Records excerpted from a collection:
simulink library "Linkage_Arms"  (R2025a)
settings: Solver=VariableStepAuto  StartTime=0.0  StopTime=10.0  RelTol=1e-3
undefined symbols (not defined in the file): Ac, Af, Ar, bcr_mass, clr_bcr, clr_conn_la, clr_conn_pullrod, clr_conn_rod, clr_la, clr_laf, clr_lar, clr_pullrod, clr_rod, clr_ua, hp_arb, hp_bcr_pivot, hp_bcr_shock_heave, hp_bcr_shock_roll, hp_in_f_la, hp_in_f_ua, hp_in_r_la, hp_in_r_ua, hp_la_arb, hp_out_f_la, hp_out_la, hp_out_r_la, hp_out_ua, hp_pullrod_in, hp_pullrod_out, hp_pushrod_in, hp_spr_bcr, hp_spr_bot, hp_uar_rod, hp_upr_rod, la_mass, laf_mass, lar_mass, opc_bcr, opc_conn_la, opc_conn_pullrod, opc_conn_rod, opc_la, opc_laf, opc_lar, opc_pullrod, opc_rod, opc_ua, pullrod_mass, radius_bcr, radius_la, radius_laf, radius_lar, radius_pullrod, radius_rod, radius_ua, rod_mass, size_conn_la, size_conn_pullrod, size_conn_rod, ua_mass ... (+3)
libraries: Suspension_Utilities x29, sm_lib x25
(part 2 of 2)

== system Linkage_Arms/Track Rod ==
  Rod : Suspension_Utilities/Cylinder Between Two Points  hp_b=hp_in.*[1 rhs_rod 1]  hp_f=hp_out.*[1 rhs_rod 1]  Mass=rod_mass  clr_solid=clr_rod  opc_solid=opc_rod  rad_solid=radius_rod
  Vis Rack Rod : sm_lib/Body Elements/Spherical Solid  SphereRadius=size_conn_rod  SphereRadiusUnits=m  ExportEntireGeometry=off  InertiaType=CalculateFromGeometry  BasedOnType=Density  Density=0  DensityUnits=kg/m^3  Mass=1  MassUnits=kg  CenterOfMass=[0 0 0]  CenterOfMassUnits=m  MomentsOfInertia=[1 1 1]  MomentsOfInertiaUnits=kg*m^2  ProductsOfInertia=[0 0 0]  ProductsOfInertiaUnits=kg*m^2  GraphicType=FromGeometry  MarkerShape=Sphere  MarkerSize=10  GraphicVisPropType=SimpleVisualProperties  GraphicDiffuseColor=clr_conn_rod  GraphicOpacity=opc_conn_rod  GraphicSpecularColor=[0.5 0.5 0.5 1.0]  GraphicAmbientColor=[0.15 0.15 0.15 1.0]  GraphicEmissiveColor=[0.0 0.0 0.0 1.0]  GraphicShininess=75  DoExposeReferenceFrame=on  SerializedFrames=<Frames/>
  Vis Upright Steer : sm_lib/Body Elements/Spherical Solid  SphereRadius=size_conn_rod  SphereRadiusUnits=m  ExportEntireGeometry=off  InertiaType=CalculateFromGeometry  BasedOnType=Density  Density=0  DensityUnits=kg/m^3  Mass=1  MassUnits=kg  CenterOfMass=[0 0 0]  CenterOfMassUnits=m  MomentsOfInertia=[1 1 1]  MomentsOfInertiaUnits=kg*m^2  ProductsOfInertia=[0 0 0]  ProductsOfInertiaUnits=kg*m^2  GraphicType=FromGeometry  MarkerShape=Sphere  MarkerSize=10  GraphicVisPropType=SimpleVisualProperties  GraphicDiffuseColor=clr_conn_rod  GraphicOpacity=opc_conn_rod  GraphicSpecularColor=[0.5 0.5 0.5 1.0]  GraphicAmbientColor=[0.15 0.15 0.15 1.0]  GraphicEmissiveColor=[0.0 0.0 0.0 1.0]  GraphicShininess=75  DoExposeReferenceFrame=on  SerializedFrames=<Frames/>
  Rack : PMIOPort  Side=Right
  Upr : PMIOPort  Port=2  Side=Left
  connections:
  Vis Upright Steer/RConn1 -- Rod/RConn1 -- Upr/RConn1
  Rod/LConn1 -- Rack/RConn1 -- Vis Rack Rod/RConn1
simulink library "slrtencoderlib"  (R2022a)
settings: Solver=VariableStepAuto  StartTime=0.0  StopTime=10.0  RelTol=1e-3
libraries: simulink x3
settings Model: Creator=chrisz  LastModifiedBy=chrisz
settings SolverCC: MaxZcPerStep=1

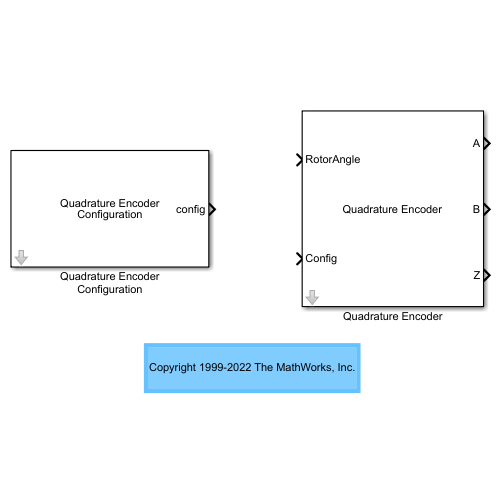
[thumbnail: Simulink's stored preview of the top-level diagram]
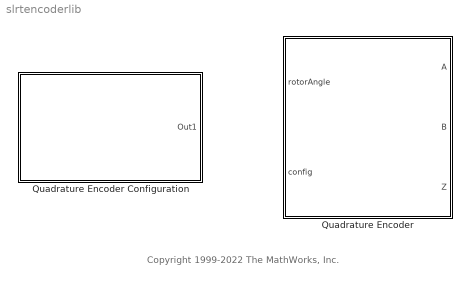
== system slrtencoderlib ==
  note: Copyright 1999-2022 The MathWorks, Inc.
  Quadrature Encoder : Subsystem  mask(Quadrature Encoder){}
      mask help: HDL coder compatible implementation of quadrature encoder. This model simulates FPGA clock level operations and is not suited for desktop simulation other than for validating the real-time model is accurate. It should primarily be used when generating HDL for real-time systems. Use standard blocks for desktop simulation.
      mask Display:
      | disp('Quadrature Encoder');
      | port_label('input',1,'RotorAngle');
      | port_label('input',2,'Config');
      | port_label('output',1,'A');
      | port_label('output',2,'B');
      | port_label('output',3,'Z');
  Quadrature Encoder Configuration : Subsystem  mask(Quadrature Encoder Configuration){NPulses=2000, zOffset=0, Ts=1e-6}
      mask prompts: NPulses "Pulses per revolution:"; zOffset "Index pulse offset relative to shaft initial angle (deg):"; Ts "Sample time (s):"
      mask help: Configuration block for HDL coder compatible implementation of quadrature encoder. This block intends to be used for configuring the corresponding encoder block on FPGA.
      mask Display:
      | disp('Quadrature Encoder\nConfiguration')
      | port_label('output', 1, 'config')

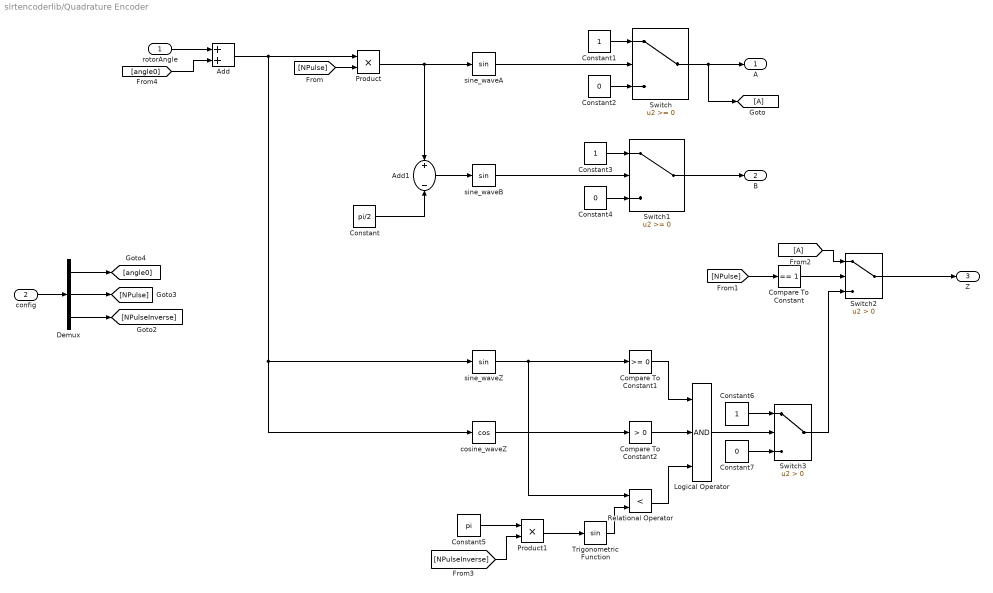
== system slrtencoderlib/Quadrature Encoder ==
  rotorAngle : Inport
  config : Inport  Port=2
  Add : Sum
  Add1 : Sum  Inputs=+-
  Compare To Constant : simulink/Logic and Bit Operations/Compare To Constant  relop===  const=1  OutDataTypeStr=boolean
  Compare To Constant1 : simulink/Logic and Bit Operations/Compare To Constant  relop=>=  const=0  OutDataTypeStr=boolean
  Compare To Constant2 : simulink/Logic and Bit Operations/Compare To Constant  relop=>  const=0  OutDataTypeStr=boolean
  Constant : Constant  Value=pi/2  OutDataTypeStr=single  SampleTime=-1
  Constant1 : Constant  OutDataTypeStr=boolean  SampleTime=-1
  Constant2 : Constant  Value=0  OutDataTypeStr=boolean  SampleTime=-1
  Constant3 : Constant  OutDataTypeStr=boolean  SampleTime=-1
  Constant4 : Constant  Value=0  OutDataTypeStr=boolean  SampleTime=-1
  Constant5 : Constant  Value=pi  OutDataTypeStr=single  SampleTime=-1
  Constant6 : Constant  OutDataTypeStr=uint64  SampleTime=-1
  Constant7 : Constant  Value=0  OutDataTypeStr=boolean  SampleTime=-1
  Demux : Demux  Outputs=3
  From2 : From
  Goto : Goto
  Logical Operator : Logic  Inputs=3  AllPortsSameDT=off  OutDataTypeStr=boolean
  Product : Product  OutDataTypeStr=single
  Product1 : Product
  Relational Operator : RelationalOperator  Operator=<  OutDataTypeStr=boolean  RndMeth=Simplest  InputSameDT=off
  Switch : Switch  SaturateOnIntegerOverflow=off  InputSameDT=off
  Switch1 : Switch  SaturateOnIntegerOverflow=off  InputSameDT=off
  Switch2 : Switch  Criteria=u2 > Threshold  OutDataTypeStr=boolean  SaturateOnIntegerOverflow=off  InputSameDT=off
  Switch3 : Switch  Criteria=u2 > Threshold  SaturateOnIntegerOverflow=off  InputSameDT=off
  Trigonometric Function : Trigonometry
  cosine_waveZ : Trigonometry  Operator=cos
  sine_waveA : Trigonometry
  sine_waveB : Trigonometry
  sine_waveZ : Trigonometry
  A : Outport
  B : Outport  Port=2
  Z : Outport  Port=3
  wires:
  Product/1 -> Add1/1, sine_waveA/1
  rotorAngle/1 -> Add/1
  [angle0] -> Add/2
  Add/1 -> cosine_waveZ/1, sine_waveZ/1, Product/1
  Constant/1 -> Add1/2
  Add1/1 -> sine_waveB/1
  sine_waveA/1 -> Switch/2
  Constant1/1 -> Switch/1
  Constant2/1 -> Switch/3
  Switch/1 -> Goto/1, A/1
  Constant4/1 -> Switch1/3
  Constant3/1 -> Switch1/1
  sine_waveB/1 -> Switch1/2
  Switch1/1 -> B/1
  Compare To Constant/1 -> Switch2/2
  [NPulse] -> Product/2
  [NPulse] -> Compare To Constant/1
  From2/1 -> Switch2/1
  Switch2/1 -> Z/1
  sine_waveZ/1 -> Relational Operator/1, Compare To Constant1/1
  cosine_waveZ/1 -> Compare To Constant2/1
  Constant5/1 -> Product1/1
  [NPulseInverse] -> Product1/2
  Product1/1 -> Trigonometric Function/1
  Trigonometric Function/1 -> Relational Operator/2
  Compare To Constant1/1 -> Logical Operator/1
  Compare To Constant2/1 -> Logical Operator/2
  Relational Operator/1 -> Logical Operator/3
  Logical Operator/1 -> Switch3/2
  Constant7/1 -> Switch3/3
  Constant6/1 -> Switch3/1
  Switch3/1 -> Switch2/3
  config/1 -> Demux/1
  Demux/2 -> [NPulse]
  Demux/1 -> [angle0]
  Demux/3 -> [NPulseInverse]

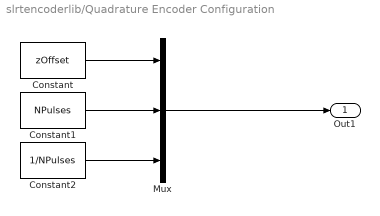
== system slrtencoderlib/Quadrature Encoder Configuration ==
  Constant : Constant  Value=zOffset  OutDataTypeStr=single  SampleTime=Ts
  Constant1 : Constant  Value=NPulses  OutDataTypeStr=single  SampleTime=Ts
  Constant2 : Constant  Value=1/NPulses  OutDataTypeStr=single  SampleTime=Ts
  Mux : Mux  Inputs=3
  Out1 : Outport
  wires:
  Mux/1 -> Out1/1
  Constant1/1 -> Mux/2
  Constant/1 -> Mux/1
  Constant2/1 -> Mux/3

> WORK TO BE COMPLETED
Transcribe only the lines from the beginning of the entries to the line with "Rod : Suspension_Utilities/Cylinder", inclusive, exactly as written.

> OUTPUT FOR THIS EXERCISE
simulink library "Linkage_Arms"  (R2025a)
settings: Solver=VariableStepAuto  StartTime=0.0  StopTime=10.0  RelTol=1e-3
undefined symbols (not defined in the file): Ac, Af, Ar, bcr_mass, clr_bcr, clr_conn_la, clr_conn_pullrod, clr_conn_rod, clr_la, clr_laf, clr_lar, clr_pullrod, clr_rod, clr_ua, hp_arb, hp_bcr_pivot, hp_bcr_shock_heave, hp_bcr_shock_roll, hp_in_f_la, hp_in_f_ua, hp_in_r_la, hp_in_r_ua, hp_la_arb, hp_out_f_la, hp_out_la, hp_out_r_la, hp_out_ua, hp_pullrod_in, hp_pullrod_out, hp_pushrod_in, hp_spr_bcr, hp_spr_bot, hp_uar_rod, hp_upr_rod, la_mass, laf_mass, lar_mass, opc_bcr, opc_conn_la, opc_conn_pullrod, opc_conn_rod, opc_la, opc_laf, opc_lar, opc_pullrod, opc_rod, opc_ua, pullrod_mass, radius_bcr, radius_la, radius_laf, radius_lar, radius_pullrod, radius_rod, radius_ua, rod_mass, size_conn_la, size_conn_pullrod, size_conn_rod, ua_mass ... (+3)
libraries: Suspension_Utilities x29, sm_lib x25
(part 2 of 2)

== system Linkage_Arms/Track Rod ==
  Rod : Suspension_Utilities/Cylinder Between Two Points  hp_b=hp_in.*[1 rhs_rod 1]  hp_f=hp_out.*[1 rhs_rod 1]  Mass=rod_mass  clr_solid=clr_rod  opc_solid=opc_rod  rad_solid=radius_rod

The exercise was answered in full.